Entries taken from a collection
◆ ◆ ◆
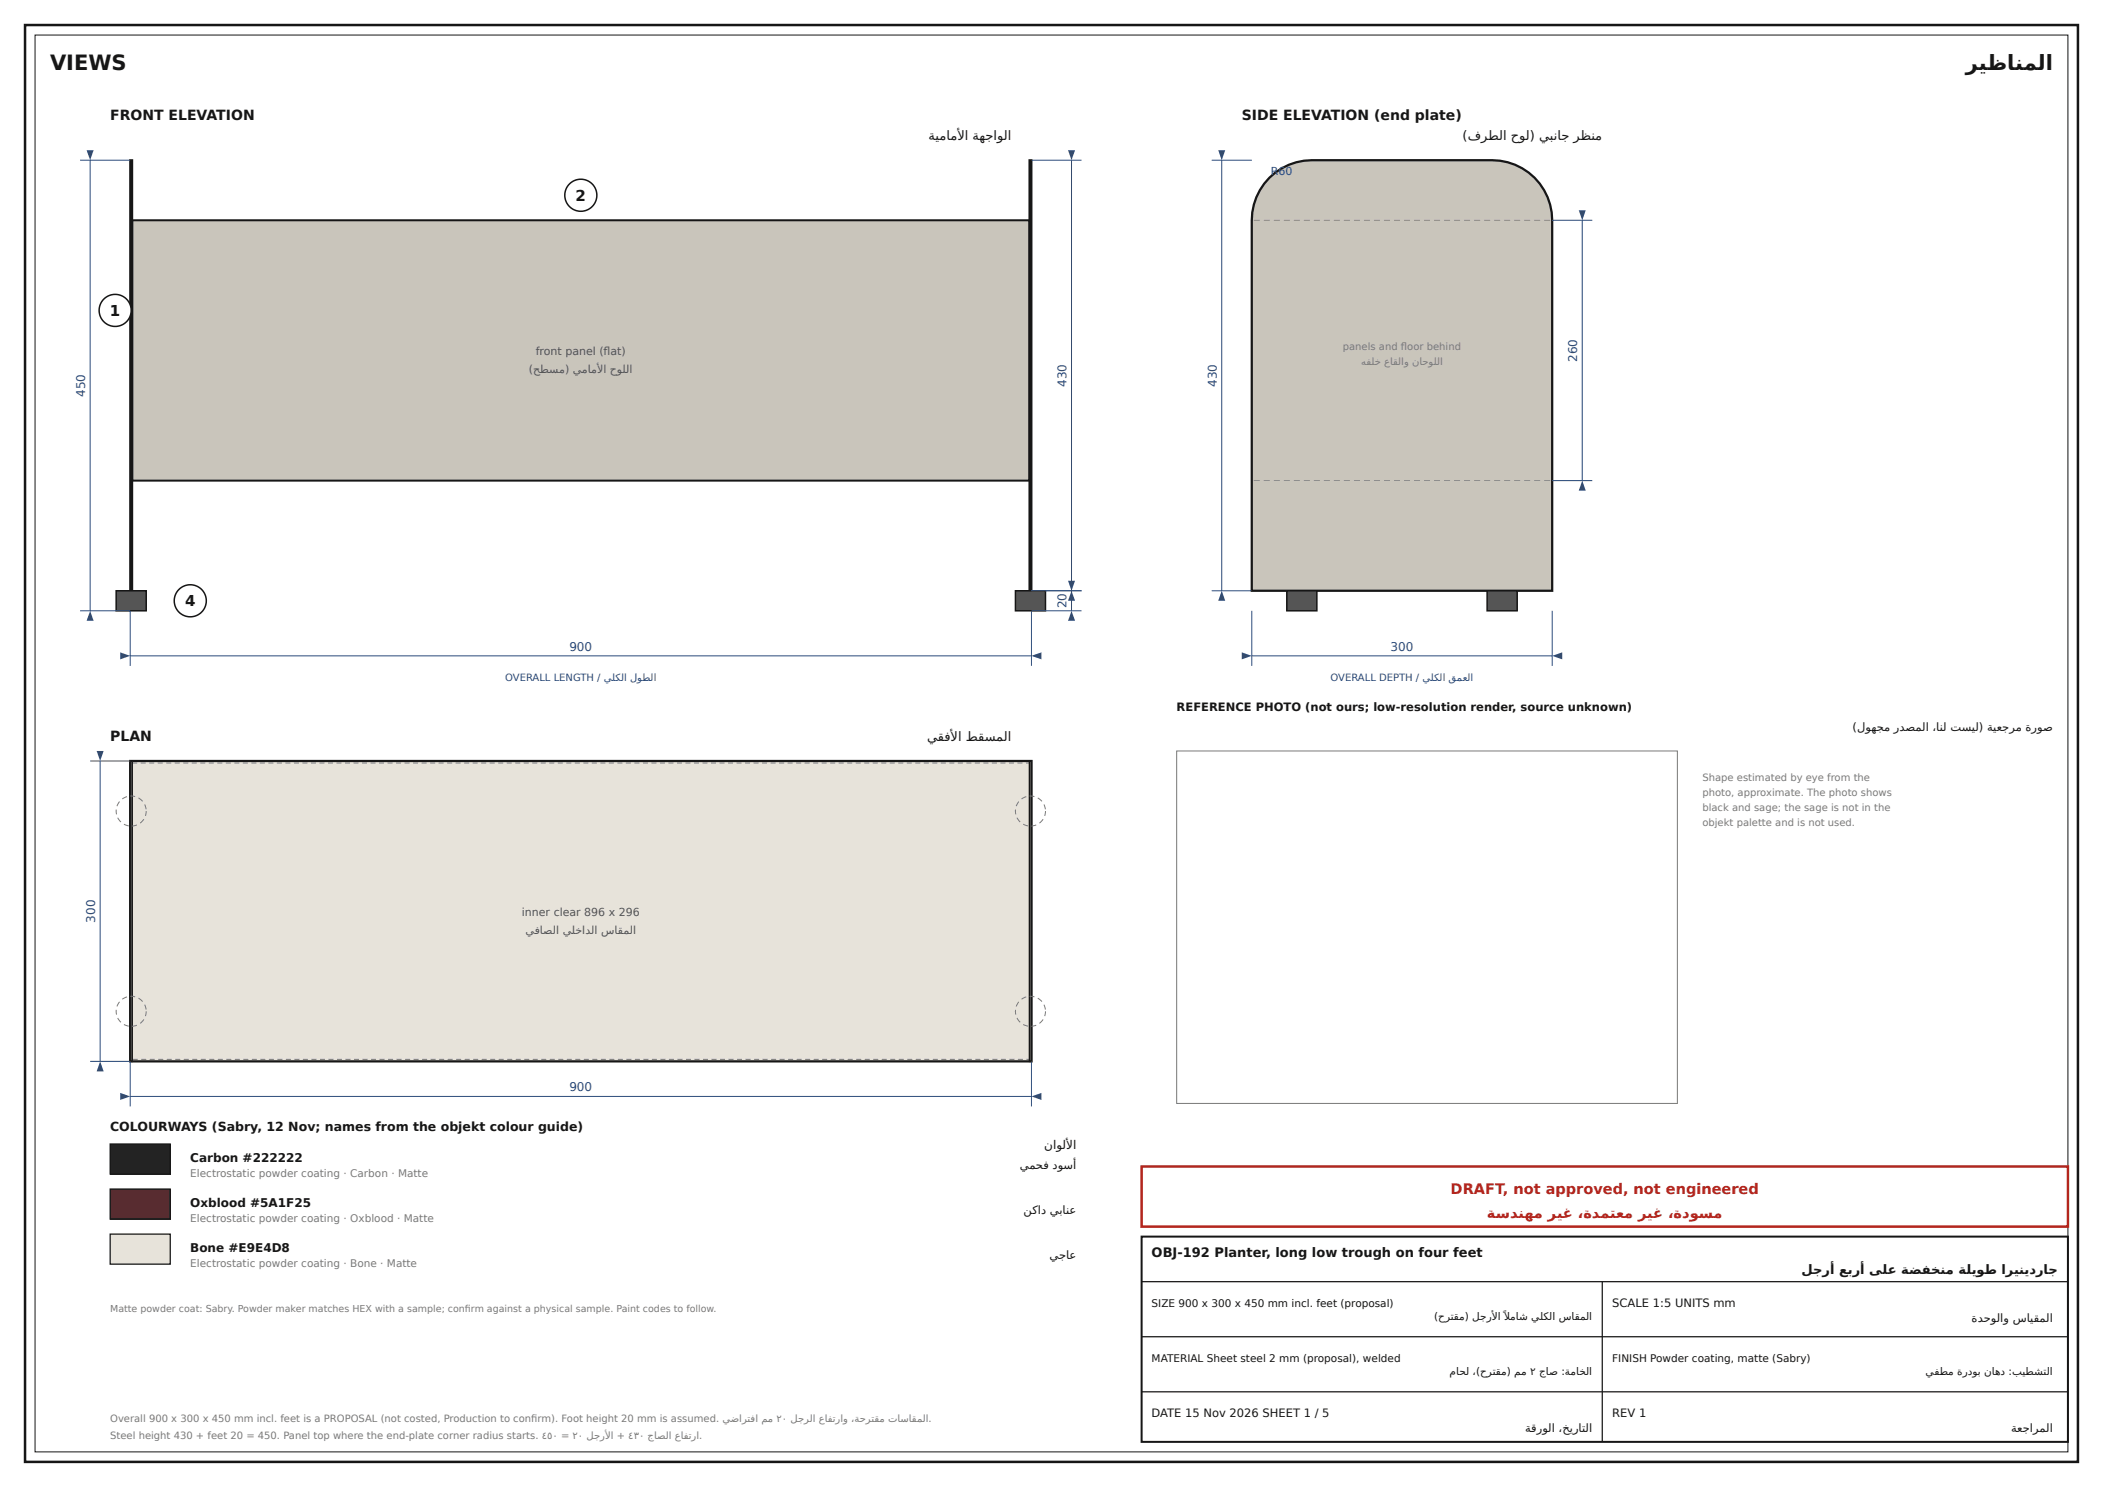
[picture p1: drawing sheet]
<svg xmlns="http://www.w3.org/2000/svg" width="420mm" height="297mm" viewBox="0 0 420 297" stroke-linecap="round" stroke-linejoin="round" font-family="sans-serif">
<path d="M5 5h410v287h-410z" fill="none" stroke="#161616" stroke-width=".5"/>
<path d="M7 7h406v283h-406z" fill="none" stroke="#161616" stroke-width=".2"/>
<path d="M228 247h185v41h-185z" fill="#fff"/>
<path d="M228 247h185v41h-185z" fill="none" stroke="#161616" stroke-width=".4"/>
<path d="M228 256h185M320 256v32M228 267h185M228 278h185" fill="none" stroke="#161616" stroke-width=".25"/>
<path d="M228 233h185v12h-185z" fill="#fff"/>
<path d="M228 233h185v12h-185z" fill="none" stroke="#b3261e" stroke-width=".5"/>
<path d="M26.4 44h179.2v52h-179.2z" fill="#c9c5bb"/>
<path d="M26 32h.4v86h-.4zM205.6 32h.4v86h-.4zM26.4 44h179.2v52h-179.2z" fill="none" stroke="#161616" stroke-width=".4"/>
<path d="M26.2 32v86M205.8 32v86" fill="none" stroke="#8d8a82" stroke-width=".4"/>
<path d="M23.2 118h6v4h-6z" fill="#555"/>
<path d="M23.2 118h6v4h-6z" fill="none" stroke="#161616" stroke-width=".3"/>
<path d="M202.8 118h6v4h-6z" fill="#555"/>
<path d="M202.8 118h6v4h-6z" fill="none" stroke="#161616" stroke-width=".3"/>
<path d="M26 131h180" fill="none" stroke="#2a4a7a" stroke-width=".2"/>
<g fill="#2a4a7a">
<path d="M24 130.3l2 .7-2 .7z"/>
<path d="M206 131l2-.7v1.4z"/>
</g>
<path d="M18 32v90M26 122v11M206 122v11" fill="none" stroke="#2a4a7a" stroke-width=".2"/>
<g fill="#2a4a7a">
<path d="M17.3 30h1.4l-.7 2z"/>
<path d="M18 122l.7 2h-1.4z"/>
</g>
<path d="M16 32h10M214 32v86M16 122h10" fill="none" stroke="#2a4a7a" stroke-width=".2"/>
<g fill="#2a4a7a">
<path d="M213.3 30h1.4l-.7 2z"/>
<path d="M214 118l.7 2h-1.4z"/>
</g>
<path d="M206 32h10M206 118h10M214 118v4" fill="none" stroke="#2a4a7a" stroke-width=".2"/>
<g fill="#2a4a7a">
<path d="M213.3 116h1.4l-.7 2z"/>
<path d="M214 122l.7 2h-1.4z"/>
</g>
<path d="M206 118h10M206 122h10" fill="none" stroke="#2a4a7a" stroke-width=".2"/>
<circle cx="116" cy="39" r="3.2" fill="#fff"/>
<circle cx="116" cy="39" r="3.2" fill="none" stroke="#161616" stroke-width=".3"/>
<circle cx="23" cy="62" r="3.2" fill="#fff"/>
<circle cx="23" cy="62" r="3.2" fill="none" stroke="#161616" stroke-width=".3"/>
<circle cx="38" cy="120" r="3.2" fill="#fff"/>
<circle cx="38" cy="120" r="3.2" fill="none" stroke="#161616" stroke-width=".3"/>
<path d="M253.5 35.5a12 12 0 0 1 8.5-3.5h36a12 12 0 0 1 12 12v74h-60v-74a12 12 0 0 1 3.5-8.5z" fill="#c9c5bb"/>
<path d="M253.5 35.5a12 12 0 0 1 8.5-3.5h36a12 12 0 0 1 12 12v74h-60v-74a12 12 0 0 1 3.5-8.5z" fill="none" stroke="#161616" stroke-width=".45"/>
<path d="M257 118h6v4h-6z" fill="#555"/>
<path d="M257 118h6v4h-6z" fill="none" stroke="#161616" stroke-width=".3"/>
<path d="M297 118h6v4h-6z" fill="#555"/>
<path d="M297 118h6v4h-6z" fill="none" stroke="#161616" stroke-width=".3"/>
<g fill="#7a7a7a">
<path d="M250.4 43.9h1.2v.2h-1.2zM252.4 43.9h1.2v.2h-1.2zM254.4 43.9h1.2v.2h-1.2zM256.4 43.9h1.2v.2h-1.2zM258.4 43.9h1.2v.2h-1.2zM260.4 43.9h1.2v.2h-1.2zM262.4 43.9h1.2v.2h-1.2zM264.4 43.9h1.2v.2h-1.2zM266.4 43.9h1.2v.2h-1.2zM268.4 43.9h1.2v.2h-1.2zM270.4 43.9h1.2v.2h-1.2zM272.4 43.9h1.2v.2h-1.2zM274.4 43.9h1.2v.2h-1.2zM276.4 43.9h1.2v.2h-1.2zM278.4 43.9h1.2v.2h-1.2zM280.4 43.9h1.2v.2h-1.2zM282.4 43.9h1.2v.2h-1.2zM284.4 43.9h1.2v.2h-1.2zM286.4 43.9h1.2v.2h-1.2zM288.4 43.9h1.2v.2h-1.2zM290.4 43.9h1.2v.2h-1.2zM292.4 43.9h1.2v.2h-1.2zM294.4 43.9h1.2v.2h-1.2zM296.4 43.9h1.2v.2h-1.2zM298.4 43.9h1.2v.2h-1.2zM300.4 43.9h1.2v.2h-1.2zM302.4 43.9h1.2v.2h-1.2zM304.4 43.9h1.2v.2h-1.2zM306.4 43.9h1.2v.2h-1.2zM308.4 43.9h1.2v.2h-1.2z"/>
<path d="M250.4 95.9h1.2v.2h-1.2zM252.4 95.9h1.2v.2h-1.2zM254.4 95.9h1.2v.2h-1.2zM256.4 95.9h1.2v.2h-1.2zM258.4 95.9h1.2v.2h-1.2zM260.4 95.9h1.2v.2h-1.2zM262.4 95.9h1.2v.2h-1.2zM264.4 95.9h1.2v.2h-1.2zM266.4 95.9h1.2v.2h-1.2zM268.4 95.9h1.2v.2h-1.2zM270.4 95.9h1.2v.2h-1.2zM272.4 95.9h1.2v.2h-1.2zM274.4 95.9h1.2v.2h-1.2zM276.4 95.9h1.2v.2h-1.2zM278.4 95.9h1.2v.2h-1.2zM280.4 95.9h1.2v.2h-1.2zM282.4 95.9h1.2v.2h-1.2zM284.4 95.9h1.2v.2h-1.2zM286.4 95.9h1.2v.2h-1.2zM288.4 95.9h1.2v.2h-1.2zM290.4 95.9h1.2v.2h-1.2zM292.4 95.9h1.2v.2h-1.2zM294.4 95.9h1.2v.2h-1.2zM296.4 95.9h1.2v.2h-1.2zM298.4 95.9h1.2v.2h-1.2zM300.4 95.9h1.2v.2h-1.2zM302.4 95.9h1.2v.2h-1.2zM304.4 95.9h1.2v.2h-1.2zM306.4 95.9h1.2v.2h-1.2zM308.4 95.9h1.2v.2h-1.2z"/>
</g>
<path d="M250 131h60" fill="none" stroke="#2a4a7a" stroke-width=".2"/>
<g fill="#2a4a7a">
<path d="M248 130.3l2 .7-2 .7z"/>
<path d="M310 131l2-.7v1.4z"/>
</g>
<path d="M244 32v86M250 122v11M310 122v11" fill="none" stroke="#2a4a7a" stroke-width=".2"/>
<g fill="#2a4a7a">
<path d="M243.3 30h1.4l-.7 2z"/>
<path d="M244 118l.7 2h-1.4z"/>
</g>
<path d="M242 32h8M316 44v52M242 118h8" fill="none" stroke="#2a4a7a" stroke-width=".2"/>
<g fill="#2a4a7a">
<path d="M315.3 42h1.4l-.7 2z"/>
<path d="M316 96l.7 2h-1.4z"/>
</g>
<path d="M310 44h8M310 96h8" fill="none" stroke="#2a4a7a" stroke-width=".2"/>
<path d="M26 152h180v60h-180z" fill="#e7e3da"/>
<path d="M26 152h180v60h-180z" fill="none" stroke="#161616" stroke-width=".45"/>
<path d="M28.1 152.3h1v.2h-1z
◆ ◆ ◆
* Problem to solve *
Answer with nothing but the count of lines in the entries that hold the word "circle".

* Expected output *
6